Top of DATA PROVIDED

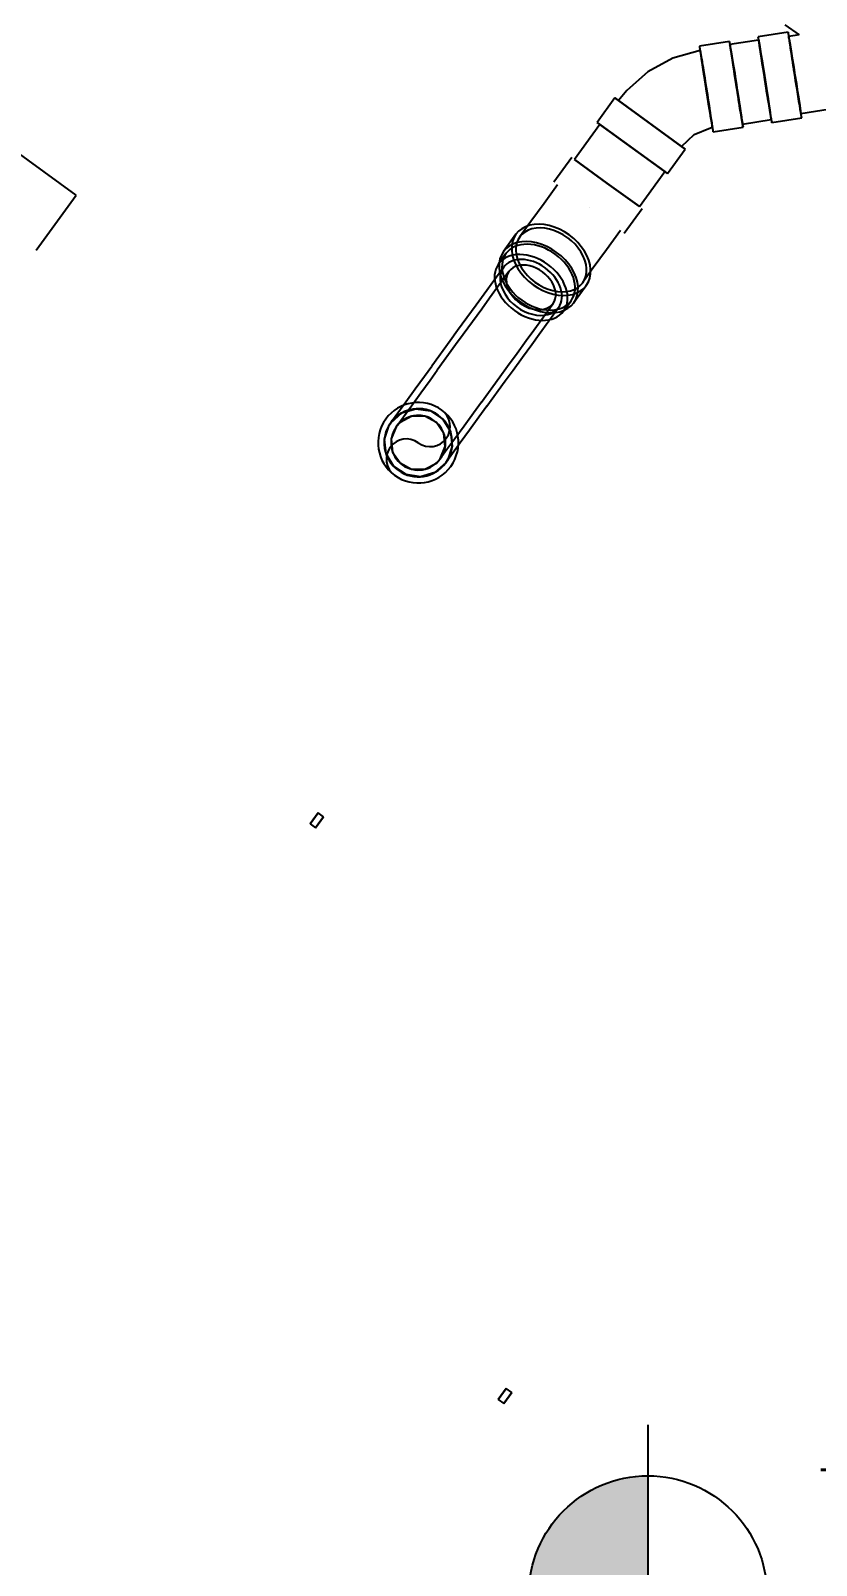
# Model space of a CAD drawing. Header units: millimetres. Extents: x 400392 to 401374, y 4543900 to 4544115.
# Drawn here: x 400709.991 to 400711.144, y 4544058.913 to 4544061.165 of the extents above; entities that cross this region are included whole.
import ezdxf

# ---------------------------------------------------------------- set-up
doc = ezdxf.new("R2010")
doc.units = ezdxf.units.MM
doc.linetypes.add('CIZGI', pattern=[0.4, 0.25, -0.15])
doc.linetypes.add('CONTINU', pattern=[0])
doc.layers.add('A-DETL-GENF', color=92, linetype='Continuous', lineweight=9)
for name, color, linetype in [('kolon tarama prota', 252, 'Continuous'), ('PRT-MI-a_fit_drainage', 10, 'Continuous'), ('st-s_level (kot)', 6, 'Continuous'), ('st-s_levelmark (kot işareti)', 4, 'Continuous')]:
    doc.layers.add(name, color=color, linetype=linetype)
doc.styles.add('OLCU', font='romanstw.shx')

# ---------------------------------------------------------------- blocks, each defined once
blk = doc.blocks.new('+24.06 mekanik')
at = {"layer": 'kolon tarama prota', "color": 253}
for p, q in [((4662.6, 167111.5), (4688.2, 167111.5)), ((4688.2, 167111.5), (4677.4, 167100.7)), ((4758.2, 167019.9), (4849.8, 167111.5)), ((4672.7, 167105.4), (4641.3, 167074)), ((4644.6, 167070.6), (4614.5, 167040.4)), ((4611.1, 167043.8), (4579.7, 167012.4)), ((4731.4, 166983.8), (4762.9, 167015.2)), ((4697.9, 166957), (4728.1, 166987.2)), ((4669.8, 166922.2), (4701.3, 166953.6)), ((4523.9, 166877.8), (4523.9, 166833.4)), ((4523.9, 166877.8), (4651.4, 166877.8)), ((4651.4, 166877.8), (4523.9, 166877.8)), ((4530.5, 166877.8), (4644.8, 166877.8)), ((4644.8, 166877.8), (4530.5, 166877.8)), ((4651.4, 166833.4), (4651.4, 166877.8)), ((4523.9, 166833.4), (4651.4, 166833.4)), ((4651.4, 166833.4), (4523.9, 166833.4)), ((4528.7, 166833.4), (4528.7, 166769.9)), ((4587.7, 166833.4), (4528.7, 166833.4)), ((4528.7, 166833.4), (4587.7, 166833.4)), ((4646.7, 166833.4), (4587.7, 166833.4)), ((4587.7, 166833.4), (4646.7, 166833.4)), ((4646.7, 166769.9), (4646.7, 166833.4)), ((4523.9, 166769.9), (4523.9, 166725.4)), ((4587.7, 166769.9), (4528.7, 166769.9)), ((4528.7, 166769.9), (4587.7, 166769.9)), ((4646.7, 166769.9), (4587.7, 166769.9)), ((4587.7, 166769.9), (4646.7, 166769.9)), ((4587.7, 166769.9), (4587.7, 166769.9)), ((4587.7, 166769.9), (4587.7, 166769.9)), ((4651.4, 166725.4), (4651.4, 166769.9)), ((4587.7, 166725.4), (4587.7, 166725.4)), ((4587.7, 166725.4), (4587.7, 166725.4)), ((4587.7, 166725.4), (4587.7, 166725.4)), ((4587.7, 166725.4), (4587.7, 166725.4)), ((4523.9, 166630.6), (4523.9, 166599.1)), ((4651.4, 166599.1), (4651.4, 166630.6)), ((4528.7, 166599), (4528.7, 166580.4)), ((4646.7, 166580.6), (4646.7, 166599.2)), ((4537.6, 166580.5), (4537.6, 166532.1)), ((4547.6, 166580.5), (4547.6, 166532.1)), ((4627.6, 166532.1), (4627.6, 166580.5)), ((4637.6, 166532.1), (4637.6, 166580.5)), ((4537.6, 166447.2), (4537.6, 166401.3)), ((4547.6, 166447.2), (4547.6, 166401.3)), ((4627.6, 166401.3), (4627.6, 166447.2)), ((4637.6, 166401.3), (4637.6, 166447.2)), ((4797.6, 165773.2), (4787.6, 165773.2)), ((4787.6, 165773.2), (4787.6, 165753.2)), ((4787.6, 165753.2), (4787.6, 165773.2)), ((4797.6, 165773.2), (4797.6, 165753.2)), ((4797.6, 165753.2), (4797.6, 165773.2)), ((4787.6, 165753.2), (4797.6, 165753.2)), ((5517.6, 165252.2), (5507.6, 165252.2)), ((5507.6, 165232.2), (5507.6, 165252.2)), ((5507.6, 165252.2), (5507.6, 165232.2)), ((5517.6, 165232.2), (5517.6, 165252.2)), ((5517.6, 165252.2), (5517.6, 165232.2)), ((5507.6, 165232.2), (5517.6, 165232.2))]:
    blk.add_line(p, q, dxfattribs=at)
at = {"layer": 'kolon tarama prota', "color": 253, "flags": 128}
for points in [[(4584.3, 167007.7), (4558.4, 166975), (4540.4, 166937.3), (4531.5, 166896.6), (4530.5, 166877.8)], [(4644.8, 166877.8), (4649.5, 166902.9), (4663, 166924.6), (4665.2, 166926.9)], [(4530.5, 166630.6), (4530.5, 166658.9), (4530.5, 166691.9), (4530.5, 166725.4)], [(4644.8, 166725.4), (4644.8, 166690.1), (4644.8, 166657.3), (4644.8, 166630.6)], [(4537.6, 166532.1), (4537.6, 166512.3), (4537.6, 166489), (4537.6, 166465.8), (4537.6, 166447.2)], [(4547.6, 166532.1), (4547.6, 166512.3), (4547.6, 166489), (4547.6, 166465.8), (4547.6, 166447.2)], [(4627.6, 166447.2), (4627.6, 166467), (4627.6, 166490.4), (4627.6, 166513.6), (4627.6, 166532.1)], [(4637.6, 166447.2), (4637.6, 166467), (4637.6, 166490.4), (4637.6, 166513.6), (4637.6, 166532.1)], [(4537.6, 166298.8), (4537.6, 166303.5), (4537.6, 166316.9), (4537.6, 166336.8), (4537.6, 166360.2), (4537.6, 166383.4), (4537.6, 166401.3)], [(4547.6, 166298.8), (4547.6, 166303.5), (4547.6, 166316.9), (4547.6, 166336.8), (4547.6, 166360.2), (4547.6, 166383.4), (4547.6, 166401.3)], [(4627.6, 166401.3), (4627.6, 166381.5), (4627.6, 166358.1), (4627.6, 166334.9), (4627.6, 166315.4), (4627.6, 166302.8), (4627.6, 166298.8)], [(4637.6, 166401.3), (4637.6, 166381.5), (4637.6, 166358.1), (4637.6, 166334.9), (4637.6, 166315.4), (4637.6, 166302.8), (4637.6, 166298.8)], [(4537.6, 166298.8), (4542.3, 166320), (4555.5, 166337.1), (4574.7, 166347.1), (4596.3, 166348.1), (4616.3, 166339.8), (4630.9, 166323.8), (4637.4, 166303.1), (4637.6, 166298.8)], [(4627.6, 166298.8), (4623, 166317.6), (4610, 166332), (4591.9, 166338.6), (4572.7, 166336), (4557.1, 166324.7), (4548.5, 166307.3), (4547.6, 166298.8)], [(4637.6, 166298.8), (4632.9, 166277.7), (4619.8, 166260.5), (4600.5, 166250.5), (4578.9, 166249.6), (4558.9, 166257.9), (4544.3, 166273.9), (4537.8, 166294.5), (4537.6, 166298.8)], [(4547.6, 166298.8), (4552.3, 166280.1), (4565.2, 166265.7), (4583.4, 166259.1), (4602.5, 166261.7), (4618.2, 166273), (4626.7, 166290.3), (4627.6, 166298.8)]]:
    blk.add_lwpolyline(points, dxfattribs=at)
at = {"layer": 'kolon tarama prota', "color": 253}
for centre, radius, start, end in [((4587.6, 166298.8), 59, 0, 180), ((4587.6, 166298.8), 50, 359.9992, 179.9992), ((4587.6, 166298.8), 50, 359.9992, 179.9992), ((4587.6, 166298.8), 50, 0, 180), ((4587.6, 166328.3), 29.5, 270, 90), ((4587.6, 166298.8), 40, 359.9992, 179.9992), ((4587.6, 166298.8), 40, 359.9992, 179.9992), ((4587.6, 166298.8), 40, 0, 180), ((4587.6, 166298.8), 59, 180, 0), ((4587.6, 166298.8), 50, 179.9992, 359.9992), ((4587.6, 166298.8), 50, 179.9992, 359.9992), ((4587.6, 166298.8), 50, 180, 0), ((4587.6, 166298.8), 40, 179.9992, 359.9992), ((4587.6, 166298.8), 40, 179.9992, 359.9992), ((4587.6, 166298.8), 40, 180, 0), ((4587.6, 166269.3), 29.5, 90, 270)]:
    blk.add_arc(centre, radius, start, end, dxfattribs=at)
for centre, major_axis, ratio, start_param, end_param in [((4717.8, 167060.3), (-45.1, 45.1), 0.009975, 6.279018, 9.420611), ((4717.8, 167060.3), (-45.1, 45.1), 0.009975, 3.137426, 6.279018), ((4717.8, 167060.3), (-40.4, 40.4), 0.009975, 6.279018, 9.420611), ((4717.8, 167060.3), (-40.4, 40.4), 0.009975, 3.137426, 6.279018), ((4686.4, 167028.9), (-45.1, 45.1), 0.009975, 6.279018, 9.420611), ((4686.4, 167028.9), (-45.1, 45.1), 0.009975, 3.137426, 6.279018), ((4686.4, 167028.9), (-41.7, 41.7), 0.009975, 0, 1.570796), ((4686.4, 167028.9), (-41.7, 41.7), 0.009975, 4.712389, 6.283185), ((4656.2, 166998.7), (-45.1, 45.1), 0.009975, 6.273211, 9.414803), ((4656.2, 166998.7), (-45.1, 45.1), 0.009975, 3.131618, 6.273211), ((4656.2, 166998.7), (-41.7, 41.7), 0.009975, 0, 1.570796), ((4656.2, 166998.7), (-41.7, 41.7), 0.009975, 4.712389, 6.283185), ((4686.4, 167028.9), (-41.7, 41.7), 0.009975, 1.570796, 3.141593), ((4686.4, 167028.9), (-41.7, 41.7), 0.009975, 3.141593, 4.712389), ((4624.7, 166967.3), (-45.1, 45.1), 0.009975, 6.273211, 9.414803), ((4624.7, 166967.3), (-45.1, 45.1), 0.009975, 3.131618, 6.273211), ((4624.7, 166967.3), (-40.4, 40.4), 0.009975, 6.273211, 9.414803), ((4624.7, 166967.3), (-40.4, 40.4), 0.009975, 3.131618, 6.273211), ((4656.2, 166998.7), (-41.7, 41.7), 0.009975, 1.570796, 3.141593), ((4656.2, 166998.7), (-41.7, 41.7), 0.009975, 3.141593, 4.712389), ((4587.7, 166630.6), (63.8, 0), 0.707107, 1.570796, 4.712389), ((4587.7, 166630.6), (57.1, 0), 0.707107, 1.570796, 4.712389), ((4587.7, 166630.6), (63.8, 0), 0.707107, 4.712389, 7.853982), ((4587.7, 166630.6), (57.2, 0), 0.707107, 4.712389, 7.853982), ((4587.7, 166599.1), (63.8, 0), 0.707107, 1.570796, 4.712389), ((4587.7, 166599.1), (59, 0.1), 0.707106, 1.570796, 3.141593), ((4587.7, 166599.1), (59, 0.1), 0.707106, 0, 1.570796), ((4587.7, 166599.1), (63.8, 0), 0.707107, 4.712389, 7.853982), ((4587.7, 166580.5), (59, 0.1), 0.707106, 1.570796, 3.141593), ((4587.6, 166580.5), (-50, 0), 0.707107, 3.141593, 6.283185), ((4587.7, 166580.5), (59, 0.1), 0.707106, 0, 1.570796), ((4587.7, 166599.1), (59, 0.1), 0.707106, 3.141593, 4.712389), ((4587.6, 166580.5), (40, 0), 0.707107, 0, 3.141593), ((4587.7, 166599.1), (59, 0.1), 0.707106, 4.712389, 6.283185), ((4587.7, 166580.5), (59, 0.1), 0.707106, 3.141593, 4.712389), ((4587.6, 166580.5), (-50, 0), 0.707107, 0, 3.141593), ((4587.6, 166580.5), (40, 0), 0.707107, 3.141593, 6.283185), ((4587.7, 166580.5), (59, 0.1), 0.707106, 4.712389, 6.283185)]:
    blk.add_ellipse(centre, major_axis=major_axis, ratio=ratio, start_param=start_param, end_param=end_param, dxfattribs=at)
blk = doc.blocks.new('PLAN_KOT')
at = {"layer": 'st-s_levelmark (kot işareti)'}
h = blk.add_hatch(color=256, dxfattribs=at)
h.paths.add_polyline_path([(0, 17.5, 0.414214), (-17.5, 0), (0, 0)])
h.paths.add_polyline_path([(17.5, 0), (0, 0), (0, -17.5, 0.414214)])
for p, q in [((0, 25), (0, -25)), ((105, 0), (-25, 0))]:
    blk.add_line(p, q, dxfattribs=at)
blk.add_circle((0, 0), 17.5, dxfattribs=at)
at = {"layer": 'st-s_level (kot)', "color": 6, "style": 'OLCU', "width": 0.8}
for tag, p in [('KOT', (22.67, 9.78)), ('DÖŞEME_KALINLIĞI', (22.67, -27.63))]:
    blk.add_attdef(tag, p, '', height=20, dxfattribs=at)

msp = doc.modelspace()

# ---------------------------------------------------------------- linework, layer by layer
at = {"layer": 'PRT-MI-a_fit_drainage', "color": 2, "linetype": 'CIZGI'}
msp.add_lwpolyline([(400709.653, 4544061.2176), (400709.3591, 4544060.813), (400709.7636, 4544060.5192), (400710.0575, 4544060.9237)], close=True, dxfattribs=at)

# ---------------------------------------------------------------- block references
at = {"layer": 'A-DETL-GENF', "xscale": 0.001, "yscale": 0.001, "zscale": 0.001, "rotation": 323.9999999999982}
msp.add_blockref('+24.06 mekanik', (400609.1002, 4543928.7183), dxfattribs=at)
at = {"layer": 'st-s_level (kot)', "linetype": 'CONTINU', "ltscale": 0.1, "xscale": 0.01, "yscale": 0.01, "zscale": 0.01}
msp.add_blockref('PLAN_KOT', (400710.8967, 4544058.8697), dxfattribs=at).add_auto_attribs({'KOT': '+23.56', 'DÖŞEME_KALINLIĞI': 'd=50'})

doc.saveas('drawing.dxf')

Bottom of DATA PROVIDED

▸ **ACTIVITY**:
Copy out each line of the material above that holds the word "prota".

▸ **RESULT OF THIS TASK**:
for name, color, linetype in [('kolon tarama prota', 252, 'Continuous'), ('PRT-MI-a_fit_drainage', 10, 'Continuous'), ('st-s_level (kot)', 6, 'Continuous'), ('st-s_levelmark (kot işareti)', 4, 'Continuous')]:
at = {"layer": 'kolon tarama prota', "color": 253}
at = {"layer": 'kolon tarama prota', "color": 253, "flags": 128}
at = {"layer": 'kolon tarama prota', "color": 253}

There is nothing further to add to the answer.